何かしよう、どこか行こう、と思えば、昔からフットワークはわりと軽い方だと思うが、もっと意識的にそれをやるようになった。他者との関わりの中で学ぶべきことはたくさんある。これは、今後も続けていこうと思う。
しかしやはり慣れないことを急激に進めたせいで、悲しいことも、傷付くこともあった。今後続けるためには、やり方は考えたいと思う。
それから、もっと若い頃に諦めた音楽をまたやりはじめた。自分で曲を作り、約10年ぶりのライブにも出るようになった。
そこにも「虚無くん」は表れた。傍へ寄ってきて、音楽をやっていくことに対する”違和感”を当てつけてくる。
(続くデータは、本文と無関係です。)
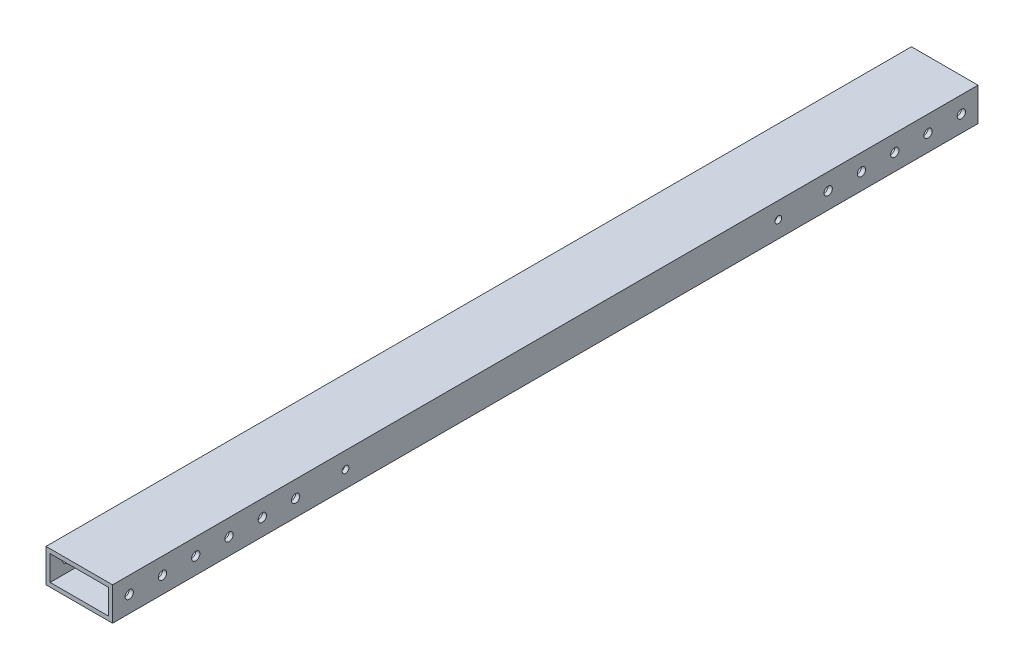
SolidWorks part; units mm, degrees
material "6061 Alloy"
ref_plane "Front Plane" through (0, 0, 0) normal (0, 0, 1) x (1, 0, 0)
ref_plane "Top Plane" through (0, 0, 0) normal (0, 1, 0) x (1, 0, 0)
ref_plane "Right Plane" through (0, 0, 0) normal (1, 0, 0) x (0, 0, -1)
sketch "Sketch1" plane through (0, 0, 0) normal (0, 0, 1) x (1, 0, 0)
  line L0 (-22.225, 9.525) -> (22.225, 9.525)
  line L2 (-25.4, 12.7) -> (25.4, 12.7)
  line L3 (-25.4, 12.7) -> (-25.4, -12.7)
  line L4 (-25.4, -12.7) -> (25.4, -12.7)
  line L5 (25.4, 12.7) -> (25.4, -12.7)
  line L10 (22.225, 9.525) -> (22.225, -9.525)
  line L11 (-22.225, -9.525) -> (22.225, -9.525)
  line L12 (-22.225, 9.525) -> (-22.225, -9.525)
  point P12 (0, 12.7)
  point P14 (25.4, 0)
  dimension "Wall Thickness" = 3.175
  dimension "Outside Width" = 50.8
  dimension "Outside Height" = 25.4
  dimension "Inside Height" = 19.05
  dimension "Inside Width" = 44.45
sketch "Sketch2" plane through (0, 0, 0) normal (1, 0, 0) x (0, 0, -1)
  line L0 (330.2, 0) -> (-330.2, 0)
  point P4 (0, 0)
  point P7 (-330.2, 0)
  point P10 (330.2, 0)
  dimension "Length" = 660.4
sketch "Sketch3" plane through (0, 0, 0) normal (0, 0, 1) x (1, 0, 0)
  line L21 (25.4, 12.7) -> (-25.4, 12.7)
  line L22 (25.4, -12.7) -> (25.4, 12.7)
  line L23 (-25.4, -12.7) -> (25.4, -12.7)
  line L24 (-25.4, 12.7) -> (-25.4, -12.7)
  line L25 (25.4, 12.7) -> (-25.4, 12.7)
  line L26 (25.4, -12.7) -> (25.4, 12.7)
  line L27 (-25.4, -12.7) -> (25.4, -12.7)
  line L28 (-25.4, 12.7) -> (-25.4, -12.7)
  line L29 (22.225, 9.525) -> (-22.225, 9.525)
  line L30 (22.225, -9.525) -> (22.225, 9.525)
  line L31 (-22.225, -9.525) -> (22.225, -9.525)
  line L32 (-22.225, 9.525) -> (-22.225, -9.525)
  line L33 (22.225, 9.525) -> (-22.225, 9.525)
  line L34 (22.225, -9.525) -> (22.225, 9.525)
  line L35 (-22.225, -9.525) -> (22.225, -9.525)
  line L36 (-22.225, 9.525) -> (-22.225, -9.525)
  dimension "D1" = 0
  dimension "D2" = 0
extrude "Boss-Extrude1" add sketch "Sketch3" along normal up to vertex (330.2 mm away) and the other way up to vertex (330.2 mm away) up to point (0, 0, 330.2) other way up to point (0, 0, -330.2)
sketch "Drawing Reference" plane through (0, 0, 0) normal (1, 0, 0) x (0, 0, -1)
  line L0 (-330.2, 0) -> (330.2, 0) construction
  line L1 (0, -12.7) -> (0, 12.7) construction
  line L2 (-330.2, -12.7) -> (330.2, -12.7) construction
  line L5 (-330.2, 12.7) -> (330.2, 12.7) construction
  point P7 (-293.624, 0)
  point P8 (293.624, 0)
  dimension "D1" = 36.576
sketch "Sketch5" plane through (25.4, 0, 0) normal (1, 0, 0) x (0, 0, -1)
  line L2 (-266.7, 0) -> (-241.3, 0)
  line L3 (-241.3, 0) -> (-215.9, 0)
  line L4 (-215.9, 0) -> (-190.5, 0)
  line L5 (-317.5, 0) -> (-330.2, 0)
  line L6 (-330.2, -12.7) -> (-330.2, 12.7) construction
  line L7 (-317.5, 0) -> (-292.1, 0)
  line L8 (-292.1, 0) -> (-266.7, 0)
sketch "Sketch8" plane through (25.4, 0, 0) normal (1, 0, 0) x (0, 0, -1)
  line L0 (330.2, 0) -> (292.1, 0)
  line L1 (330.2, -12.7) -> (330.2, 12.7) construction
  line L2 (292.1, 0) -> (266.7, 0)
  line L3 (266.7, 0) -> (241.3, 0)
  line L4 (241.3, 0) -> (215.9, 0)
  line L5 (330.2, 0) -> (317.5, 0)
hole_wizard "1/4 (0.25) Diameter Hole3" positions "Sketch12" profile "Sketch13" hole size "1/4" standard "ANSI Inch" end condition through all
sketch "Sketch12" plane through (-25.4, 0, 0) normal (-1, 0, 0) x (0, 0, 1)
  point P4 (-317.5, 0)
sketch "Sketch13" plane through (-25.4, 0, -317.5) normal (0, 1, 0) x (0, 0, 1)
  line L0 (0, 0) -> (0, 50.8)
  line L1 (0, 50.8) -> (3.175, 50.8)
  line L2 (3.175, 50.8) -> (3.175, 0)
  line L5 (3.175, 0) -> (0, 0)
  line L11 (0, -6.35) -> (0, 107.95) construction
  dimension "Thru Hole Dia." = 6.35
  dimension "Thru Hole Depth" = 50.8
hole_wizard "1/4 (0.25) Diameter Hole4" positions "Sketch14" profile "Sketch15" hole size "1/4" standard "ANSI Inch" end condition through all
sketch "Sketch14" plane through (-25.4, 0, 0) normal (-1, 0, 0) x (0, 0, 1)
  point P0 (292.1, 0)
  point P3 (317.5, 0)
  point P6 (292.1, 0)
  point P8 (317.5, 0)
sketch "Sketch15" plane through (-25.4, 0, 292.1) normal (0, 1, 0) x (0, 0, 1)
  line L0 (0, 0) -> (0, 50.8)
  line L1 (0, 50.8) -> (3.175, 50.8)
  line L2 (3.175, 50.8) -> (3.175, 0)
  line L5 (3.175, 0) -> (0, 0)
  line L11 (0, -6.35) -> (0, 107.95) construction
  dimension "Thru Hole Dia." = 6.35
  dimension "Thru Hole Depth" = 50.8
hole_wizard "1/4 (0.25) Diameter Hole5" positions "Sketch17" profile "Sketch18" hole size "1/4" standard "ANSI Inch" end condition through all
sketch "Sketch17" plane through (25.4, 0, 0) normal (1, 0, 0) x (0, 0, -1)
  point P0 (292.1, 0)
  point P3 (266.7, 0)
sketch "Sketch18" plane through (25.4, 0, -292.1) normal (0, 1, 0) x (0, 0, -1)
  line L0 (0, 0) -> (0, 50.8)
  line L1 (0, 50.8) -> (3.175, 50.8)
  line L2 (3.175, 50.8) -> (3.175, 0)
  line L5 (3.175, 0) -> (0, 0)
  line L11 (0, -6.35) -> (0, 107.95) construction
  dimension "Thru Hole Dia." = 6.35
  dimension "Thru Hole Depth" = 50.8
hole_wizard "1/4 (0.25) Diameter Hole6" positions "Sketch19" profile "Sketch20" hole size "1/4" standard "ANSI Inch" end condition through all
sketch "Sketch19" plane through (25.4, 0, 0) normal (1, 0, 0) x (0, 0, -1)
  point P0 (215.9, 0)
  point P3 (241.3, 0)
sketch "Sketch20" plane through (25.4, 0, -215.9) normal (0, 1, 0) x (0, 0, -1)
  line L0 (0, 0) -> (0, 50.8)
  line L1 (0, 50.8) -> (3.175, 50.8)
  line L2 (3.175, 50.8) -> (3.175, 0)
  line L5 (3.175, 0) -> (0, 0)
  line L11 (0, -6.35) -> (0, 107.95) construction
  dimension "Thru Hole Dia." = 6.35
  dimension "Thru Hole Depth" = 50.8
hole_wizard "1/4 (0.25) Diameter Hole7" positions "Sketch21" profile "Sketch22" hole size "1/4" standard "ANSI Inch" end condition through all
sketch "Sketch21" plane through (25.4, 0, 0) normal (1, 0, 0) x (0, 0, -1)
  point P0 (-190.5, 0)
  point P3 (-215.9, 0)
sketch "Sketch22" plane through (25.4, 0, 190.5) normal (0, 1, 0) x (0, 0, -1)
  line L0 (0, 0) -> (0, 50.8)
  line L1 (0, 50.8) -> (3.175, 50.8)
  line L2 (3.175, 50.8) -> (3.175, 0)
  line L5 (3.175, 0) -> (0, 0)
  line L11 (0, -6.35) -> (0, 107.95) construction
  dimension "Thru Hole Dia." = 6.35
  dimension "Thru Hole Depth" = 50.8
hole_wizard "1/4 (0.25) Diameter Hole8" positions "Sketch23" profile "Sketch24" hole size "1/4" standard "ANSI Inch" end condition through all
sketch "Sketch23" plane through (25.4, 0, 0) normal (1, 0, 0) x (0, 0, -1)
  point P0 (-266.7, 0)
  point P3 (-241.3, 0)
sketch "Sketch24" plane through (25.4, 0, 266.7) normal (0, 1, 0) x (0, 0, -1)
  line L0 (0, 0) -> (0, 50.8)
  line L1 (0, 50.8) -> (3.175, 50.8)
  line L2 (3.175, 50.8) -> (3.175, 0)
  line L5 (3.175, 0) -> (0, 0)
  line L11 (0, -6.35) -> (0, 107.95) construction
  dimension "Thru Hole Dia." = 6.35
  dimension "Thru Hole Depth" = 50.8
sketch "Sketch25" plane through (25.4, 0, 0) normal (1, 0, 0) x (0, 0, -1)
  line L0 (-190.5, 0) -> (-152.4, 0)
  line L1 (215.9, 0) -> (177.8, 0)
hole_wizard "13/64 (0.20313) Diameter Hole1" positions "Sketch26" profile "Sketch27" hole size "13/64" standard "ANSI Inch" end condition through all
sketch "Sketch26" plane through (25.4, 0, 0) normal (1, 0, 0) x (0, 0, -1)
  point P0 (-152.4, 0)
  point P3 (177.8, 0)
sketch "Sketch27" plane through (25.4, 0, 152.4) normal (0, 1, 0) x (0, 0, -1)
  line L0 (0, 0) -> (0, 50.8)
  line L1 (0, 50.8) -> (2.5798, 50.8)
  line L2 (2.5798, 50.8) -> (2.5798, 0)
  line L5 (2.5798, 0) -> (0, 0)
  line L11 (0, -6.35) -> (0, 107.95) construction
  dimension "Thru Hole Dia." = 5.1595
  dimension "Thru Hole Depth" = 50.8
sketch "Sketch28" plane through (-25.4, 0, 0) normal (-1, 0, 0) x (0, 0, 1)
  line L0 (103.1875, 0) -> (77.7875, 0)
  line L1 (-103.1875, 0) -> (-128.5875, 0)
hole_wizard "1/2 (0.5) Diameter Hole1" positions "Sketch29" profile "Sketch30" hole size "1/2" standard "ANSI Inch"
sketch "Sketch29" plane through (-25.4, 0, 0) normal (-1, 0, 0) x (0, 0, 1)
  point P1 (-591.3016, -480.8022)
  point P3 (-103.1875, 0)
  point P6 (77.7875, 0)
  point P9 (103.1875, 0)
  point P13 (-128.5875, 0)
sketch "Sketch30" plane through (-25.4, -480.8022, -591.3016) normal (0, 1, 0) x (0, 0, 1)
  line L0 (0, 0) -> (0, 10.1655)
  line L1 (0, 10.1655) -> (6.35, 6.35)
  line L2 (6.35, 6.35) -> (6.35, 0)
  line L5 (6.35, 0) -> (0, 0)
  line L10 (0, 10.1655) -> (-6.35, 6.35) construction
  line L11 (0, -6.35) -> (0, 107.95) construction
  dimension "Hole Dia." = 12.7
  dimension "Hole Depth" = 6.35
  dimension "Drill Angle" = 118
equation "\"D1@Drawing Reference\"=\"Outside Width@Sketch1\" * 0.72"

今現在、それが苦しくなっている。
「ねぇ、それ、本当にやる意味あるの?それやってなんになんの?誰も求めてないよね。他の奴ら見てみなよ、自己顕示欲を満たしたいだけだ、気持ちが悪い。滑稽だね、しょうもないね」そう言いたげな顔をして。
「虚無くん」は嘘つきなのではない。
間違ってはいないのだ。見方の問題。
ただ、「虚無くん」がいることで、わたしは悲観的なニヒリストになってしまう。人生を楽しもう、前向きで在ろう、と思ったら、そこに肯定的な意味を見出していかなくては。
わたしはニーチェを読むべきかもしれない。。(積極的ニヒリズム)
人生をより良い方向へ導いていくのは自分の責任だ。
「虚無くん」はわたしと共にこれからも生き続けるだろう。ニヒルは必ず存在する。だけれども、一緒により良いところへいけないだろうか。
それを「虚無くん」へ提案し続けたい。